[Work required]
A faithful copy of the entries is required, with no images in it.
[Given data — start]
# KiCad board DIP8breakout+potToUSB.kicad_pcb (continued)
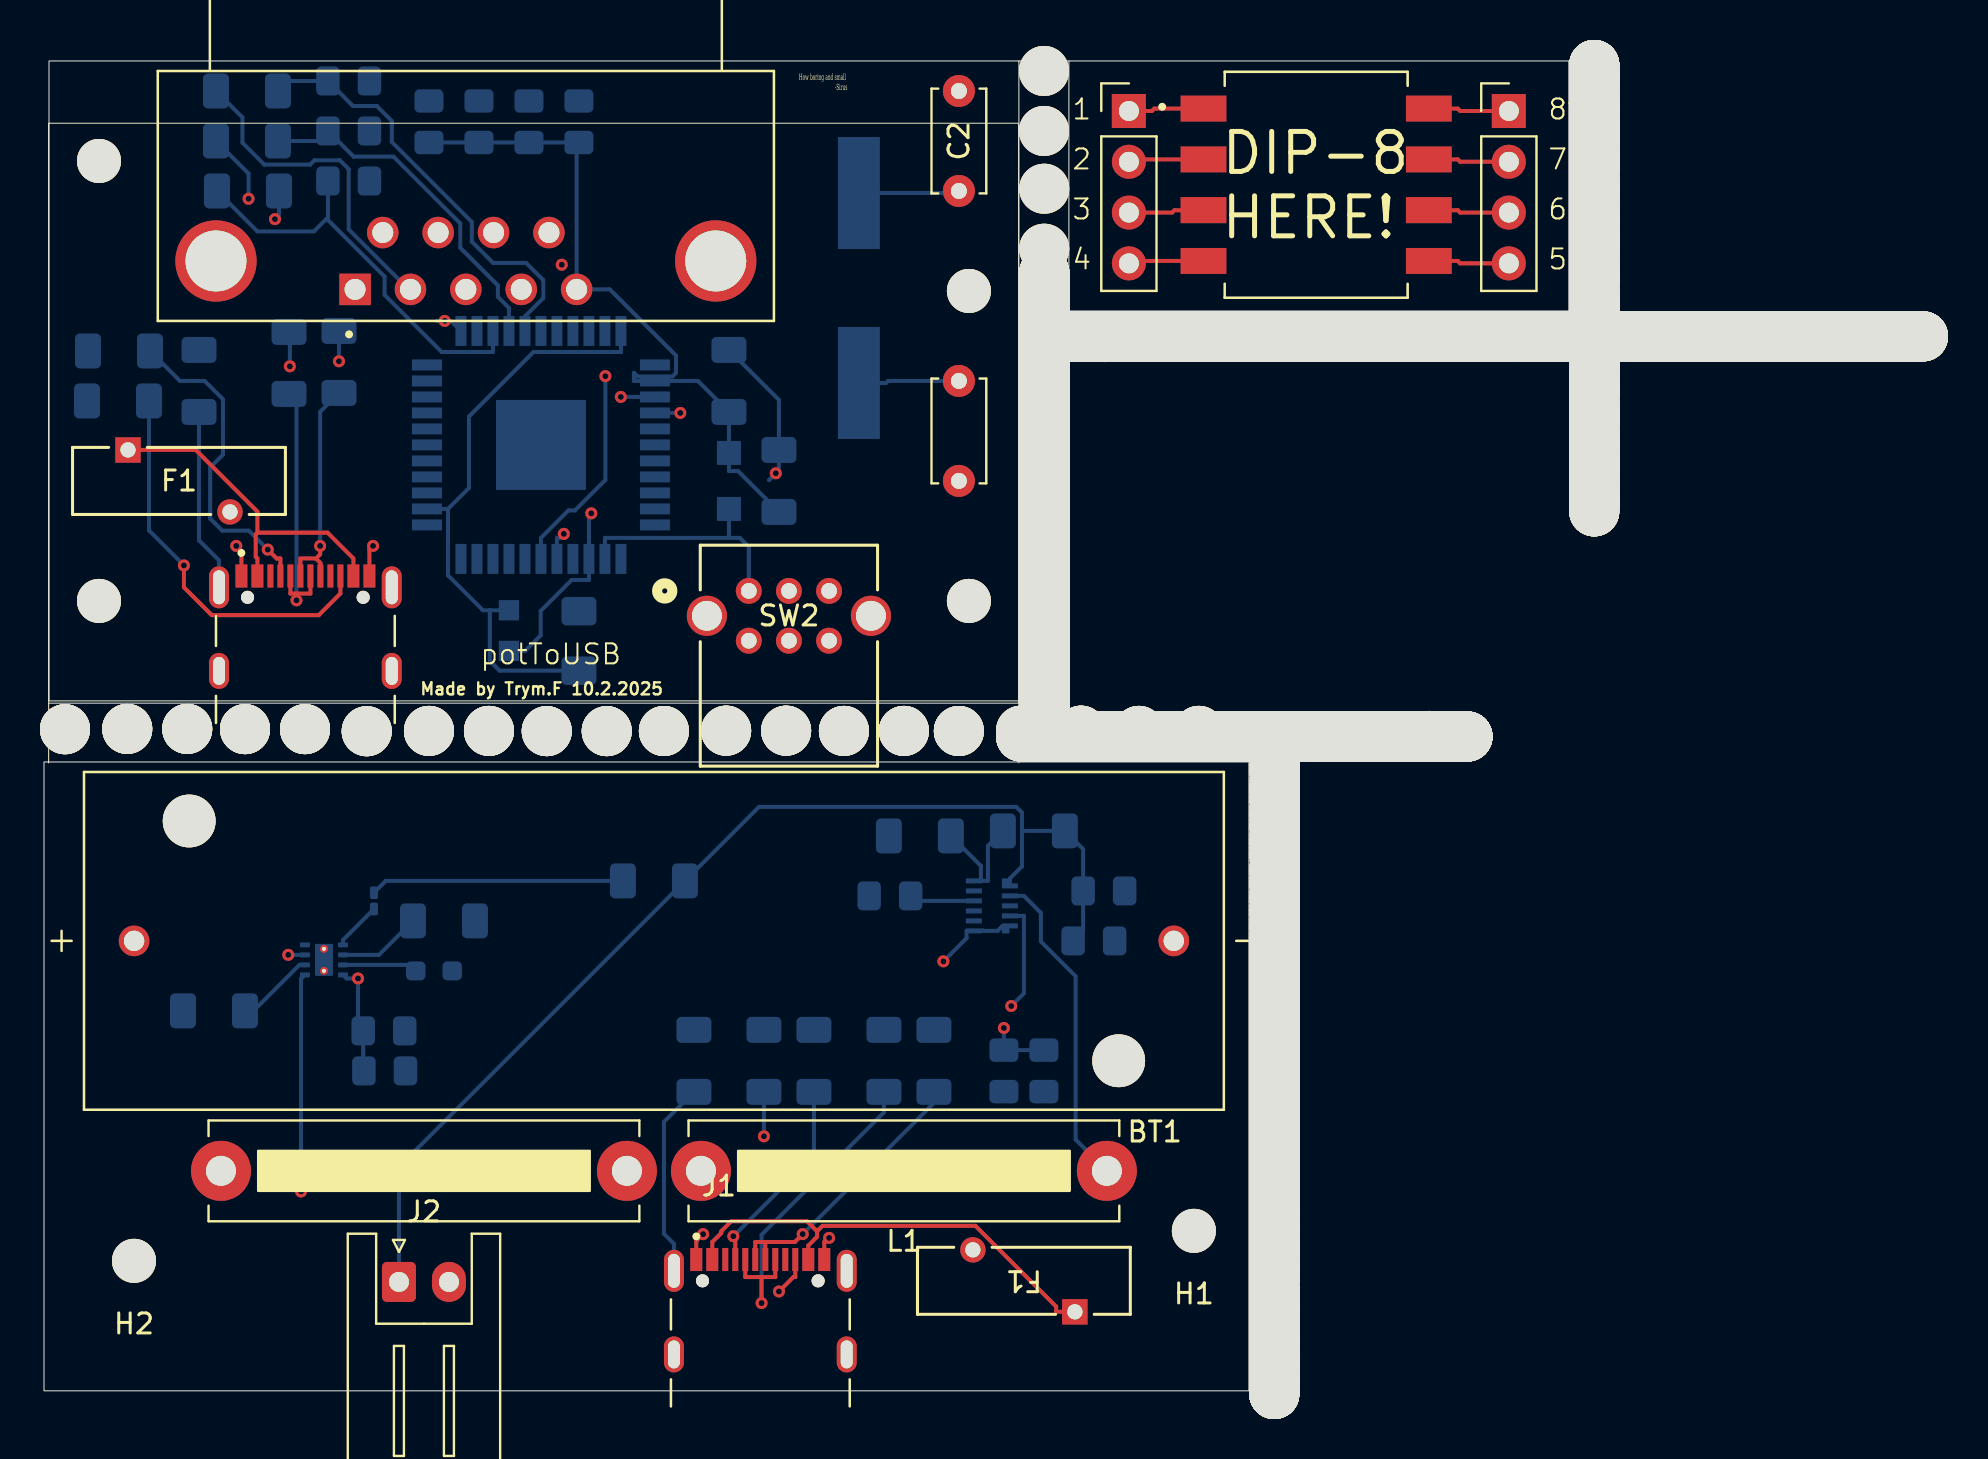
[diagram p0: board, top side]
## Placement (name value [footprint] x y rotation side) (continued)
NOREF#3856  -  [unnamed]  61.52 13.36 270 top
NOREF#3857  -  [unnamed]  77.52 64.24 90 top
NOREF#3858  -  [unnamed]  50.02 45.45 90 top
NOREF#3859  -  [unnamed]  77.52 53.64 90 top
NOREF#3860  -  [unnamed]  70.98 32.72 0 top
NOREF#3861  -  [unnamed]  80.24 52.73 180 top
NOREF#3862  -  [unnamed]  55.48 52.73 180 top
NOREF#3863  -  [unnamed]  70.28 52.73 180 top
NOREF#3864  -  [unnamed]  64.84 52.73 180 top
NOREF#3865  -  [unnamed]  61.55 28.77 90 top
NOREF#3866  -  [unnamed]  50.02 41.03 90 top
NOREF#3867  -  [unnamed]  61.55 17.71 90 top
NOREF#3868  -  [unnamed]  77.52 66.1 90 top
NOREF#3869  -  [unnamed]  61.55 17.25 90 top
NOREF#3870  -  [unnamed]  61.52 18.34 270 top
NOREF#3871  -  [unnamed]  61.55 12.07 90 top
NOREF#3872  -  [unnamed]  61.52 3.46 270 top
NOREF#3873  -  [unnamed]  59.06 32.72 0 top
NOREF#3874  -  [unnamed]  70.52 32.72 0 top
NOREF#3875  -  [unnamed]  70.98 32.72 0 top
NOREF#3876  -  [unnamed]  77.52 56.1 90 top
NOREF#3877  -  [unnamed]  61.55 20.27 90 top
NOREF#3878  -  [unnamed]  61.55 21.07 90 top
NOREF#3879  -  [unnamed]  50.02 47.31 90 top
NOREF#3880  -  [unnamed]  50.02 36.75 90 top
NOREF#3881  -  [unnamed]  61.52 11.5 270 top
NOREF#3882  -  [unnamed]  77.52 53.64 90 top
NOREF#3883  -  [unnamed]  56.14 52.73 180 top
NOREF#3884  -  [unnamed]  77.52 58.4 90 top
NOREF#3885  -  [unnamed]  56.14 52.73 180 top
NOREF#3886  -  [unnamed]  56.96 52.73 180 top
NOREF#3887  -  [unnamed]  61.52 21.3 270 top
NOREF#3888  -  [unnamed]  61.55 17.71 90 top
NOREF#3889  -  [unnamed]  70.28 52.73 180 top
NOREF#3890  -  [unnamed]  77.52 63.34 90 top
NOREF#3891  -  [unnamed]  77.52 55.84 90 top
NOREF#3892  -  [unnamed]  65.34 52.73 180 top
NOREF#3893  -  [unnamed]  63.08 32.72 0 top
NOREF#3894  -  [unnamed]  77.52 53.44 90 top
NOREF#3895  -  [unnamed]  61.52 19 270 top
NOREF#3896  -  [unnamed]  50.02 36.05 90 top
NOREF#3897  -  [unnamed]  68.22 32.72 0 top
NOREF#3898  -  [unnamed]  50.02 41.69 90 top
NOREF#3899  -  [unnamed]  50.02 46.65 90 top
NOREF#3900  -  [unnamed]  60.98 32.72 0 top
NOREF#3901  -  [unnamed]  66.2 52.73 180 top
NOREF#3902  -  [unnamed]  61.52 4.4 270 top
NOREF#3903  -  [unnamed]  50.02 46.45 90 top
NOREF#3904  -  [unnamed]  50.02 55.51 90 top
NOREF#3905  -  [unnamed]  72.84 52.73 180 top
NOREF#3906  -  [unnamed]  68.22 52.73 180 top
NOREF#3907  -  [unnamed]  61.55 23.13 90 top
NOREF#3908  -  [unnamed]  75.46 52.73 180 top
NOREF#3909  -  [unnamed]  81.84 52.73 180 top
NOREF#3910  -  [unnamed]  61.55 11.41 90 top
NOREF#3911  -  [unnamed]  61.52 18.54 270 top
NOREF#3912  -  [unnamed]  61.52 0.24 270 top
NOREF#3913  -  [unnamed]  61.55 26.29 90 top
NOREF#3914  -  [unnamed]  52.52 52.73 180 top
NOREF#3915  -  [unnamed]  61.32 52.73 180 top
NOREF#3916  -  [unnamed]  77.52 54.84 90 top
NOREF#3917  -  [unnamed]  61.52 15.46 270 top
NOREF#3918  -  [unnamed]  77.52 49.82 90 top
NOREF#3919  -  [unnamed]  50.02 40.29 90 top
NOREF#3920  -  [unnamed]  50.02 39.89 90 top
NOREF#3921  -  [unnamed]  77.52 54.64 90 top
NOREF#3922  -  [unnamed]  61.55 11.87 90 top
NOREF#3923  -  [unnamed]  50.02 53.65 90 top
NOREF#3924  -  [unnamed]  61.55 12.37 90 top
NOREF#3925  -  [unnamed]  52.68 32.72 0 top
NOREF#3926  -  [unnamed]  50.02 37.21 90 top
NOREF#3927  -  [unnamed]  50.02 42.65 90 top
NOREF#3928  -  [unnamed]  61.52 21.96 270 top
NOREF#3929  -  [unnamed]  61.52 5.88 270 top
NOREF#3930  -  [unnamed]  61.55 17.71 90 top
NOREF#3931  -  [unnamed]  77.52 65.44 90 top
NOREF#3932  -  [unnamed]  50.02 45.91 90 top
NOREF#3933  -  [unnamed]  77.52 64.04 90 top
NOREF#3934  -  [unnamed]  61.55 10.21 90 top
NOREF#3935  -  [unnamed]  64.64 52.73 180 top
NOREF#3936  -  [unnamed]  50.02 54.31 90 top
NOREF#3937  -  [unnamed]  52.52 52.73 180 top
NOREF#3938  -  [unnamed]  61.52 16.74 270 top
NOREF#3939  -  [unnamed]  61.55 20.87 90 top
NOREF#3940  -  [unnamed]  61.52 13.86 270 top
NOREF#3941  -  [unnamed]  61.52 7.08 270 top
NOREF#3942  -  [unnamed]  77.52 52.38 90 top
NOREF#3943  -  [unnamed]  61.55 31.73 90 top
NOREF#3944  -  [unnamed]  70.28 52.73 180 top
NOREF#3945  -  [unnamed]  61.52 10.7 270 top
NOREF#3946  -  [unnamed]  61.55 29.47 90 top
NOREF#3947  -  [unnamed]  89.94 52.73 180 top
[Given data — finish]
[Answer]
# KiCad board DIP8breakout+potToUSB.kicad_pcb (continued)
[diagram p0: board, top side]
## Placement (name value [footprint] x y rotation side) (continued)
NOREF#3856  -  [unnamed]  61.52 13.36 270 top
NOREF#3857  -  [unnamed]  77.52 64.24 90 top
NOREF#3858  -  [unnamed]  50.02 45.45 90 top
NOREF#3859  -  [unnamed]  77.52 53.64 90 top
NOREF#3860  -  [unnamed]  70.98 32.72 0 top
NOREF#3861  -  [unnamed]  80.24 52.73 180 top
NOREF#3862  -  [unnamed]  55.48 52.73 180 top
NOREF#3863  -  [unnamed]  70.28 52.73 180 top
NOREF#3864  -  [unnamed]  64.84 52.73 180 top
NOREF#3865  -  [unnamed]  61.55 28.77 90 top
NOREF#3866  -  [unnamed]  50.02 41.03 90 top
NOREF#3867  -  [unnamed]  61.55 17.71 90 top
NOREF#3868  -  [unnamed]  77.52 66.1 90 top
NOREF#3869  -  [unnamed]  61.55 17.25 90 top
NOREF#3870  -  [unnamed]  61.52 18.34 270 top
NOREF#3871  -  [unnamed]  61.55 12.07 90 top
NOREF#3872  -  [unnamed]  61.52 3.46 270 top
NOREF#3873  -  [unnamed]  59.06 32.72 0 top
NOREF#3874  -  [unnamed]  70.52 32.72 0 top
NOREF#3875  -  [unnamed]  70.98 32.72 0 top
NOREF#3876  -  [unnamed]  77.52 56.1 90 top
NOREF#3877  -  [unnamed]  61.55 20.27 90 top
NOREF#3878  -  [unnamed]  61.55 21.07 90 top
NOREF#3879  -  [unnamed]  50.02 47.31 90 top
NOREF#3880  -  [unnamed]  50.02 36.75 90 top
NOREF#3881  -  [unnamed]  61.52 11.5 270 top
NOREF#3882  -  [unnamed]  77.52 53.64 90 top
NOREF#3883  -  [unnamed]  56.14 52.73 180 top
NOREF#3884  -  [unnamed]  77.52 58.4 90 top
NOREF#3885  -  [unnamed]  56.14 52.73 180 top
NOREF#3886  -  [unnamed]  56.96 52.73 180 top
NOREF#3887  -  [unnamed]  61.52 21.3 270 top
NOREF#3888  -  [unnamed]  61.55 17.71 90 top
NOREF#3889  -  [unnamed]  70.28 52.73 180 top
NOREF#3890  -  [unnamed]  77.52 63.34 90 top
NOREF#3891  -  [unnamed]  77.52 55.84 90 top
NOREF#3892  -  [unnamed]  65.34 52.73 180 top
NOREF#3893  -  [unnamed]  63.08 32.72 0 top
NOREF#3894  -  [unnamed]  77.52 53.44 90 top
NOREF#3895  -  [unnamed]  61.52 19 270 top
NOREF#3896  -  [unnamed]  50.02 36.05 90 top
NOREF#3897  -  [unnamed]  68.22 32.72 0 top
NOREF#3898  -  [unnamed]  50.02 41.69 90 top
NOREF#3899  -  [unnamed]  50.02 46.65 90 top
NOREF#3900  -  [unnamed]  60.98 32.72 0 top
NOREF#3901  -  [unnamed]  66.2 52.73 180 top
NOREF#3902  -  [unnamed]  61.52 4.4 270 top
NOREF#3903  -  [unnamed]  50.02 46.45 90 top
NOREF#3904  -  [unnamed]  50.02 55.51 90 top
NOREF#3905  -  [unnamed]  72.84 52.73 180 top
NOREF#3906  -  [unnamed]  68.22 52.73 180 top
NOREF#3907  -  [unnamed]  61.55 23.13 90 top
NOREF#3908  -  [unnamed]  75.46 52.73 180 top
NOREF#3909  -  [unnamed]  81.84 52.73 180 top
NOREF#3910  -  [unnamed]  61.55 11.41 90 top
NOREF#3911  -  [unnamed]  61.52 18.54 270 top
NOREF#3912  -  [unnamed]  61.52 0.24 270 top
NOREF#3913  -  [unnamed]  61.55 26.29 90 top
NOREF#3914  -  [unnamed]  52.52 52.73 180 top
NOREF#3915  -  [unnamed]  61.32 52.73 180 top
NOREF#3916  -  [unnamed]  77.52 54.84 90 top
NOREF#3917  -  [unnamed]  61.52 15.46 270 top
NOREF#3918  -  [unnamed]  77.52 49.82 90 top
NOREF#3919  -  [unnamed]  50.02 40.29 90 top
NOREF#3920  -  [unnamed]  50.02 39.89 90 top
NOREF#3921  -  [unnamed]  77.52 54.64 90 top
NOREF#3922  -  [unnamed]  61.55 11.87 90 top
NOREF#3923  -  [unnamed]  50.02 53.65 90 top
NOREF#3924  -  [unnamed]  61.55 12.37 90 top
NOREF#3925  -  [unnamed]  52.68 32.72 0 top
NOREF#3926  -  [unnamed]  50.02 37.21 90 top
NOREF#3927  -  [unnamed]  50.02 42.65 90 top
NOREF#3928  -  [unnamed]  61.52 21.96 270 top
NOREF#3929  -  [unnamed]  61.52 5.88 270 top
NOREF#3930  -  [unnamed]  61.55 17.71 90 top
NOREF#3931  -  [unnamed]  77.52 65.44 90 top
NOREF#3932  -  [unnamed]  50.02 45.91 90 top
NOREF#3933  -  [unnamed]  77.52 64.04 90 top
NOREF#3934  -  [unnamed]  61.55 10.21 90 top
NOREF#3935  -  [unnamed]  64.64 52.73 180 top
NOREF#3936  -  [unnamed]  50.02 54.31 90 top
NOREF#3937  -  [unnamed]  52.52 52.73 180 top
NOREF#3938  -  [unnamed]  61.52 16.74 270 top
NOREF#3939  -  [unnamed]  61.55 20.87 90 top
NOREF#3940  -  [unnamed]  61.52 13.86 270 top
NOREF#3941  -  [unnamed]  61.52 7.08 270 top
NOREF#3942  -  [unnamed]  77.52 52.38 90 top
NOREF#3943  -  [unnamed]  61.55 31.73 90 top
NOREF#3944  -  [unnamed]  70.28 52.73 180 top
NOREF#3945  -  [unnamed]  61.52 10.7 270 top
NOREF#3946  -  [unnamed]  61.55 29.47 90 top
NOREF#3947  -  [unnamed]  89.94 52.73 180 top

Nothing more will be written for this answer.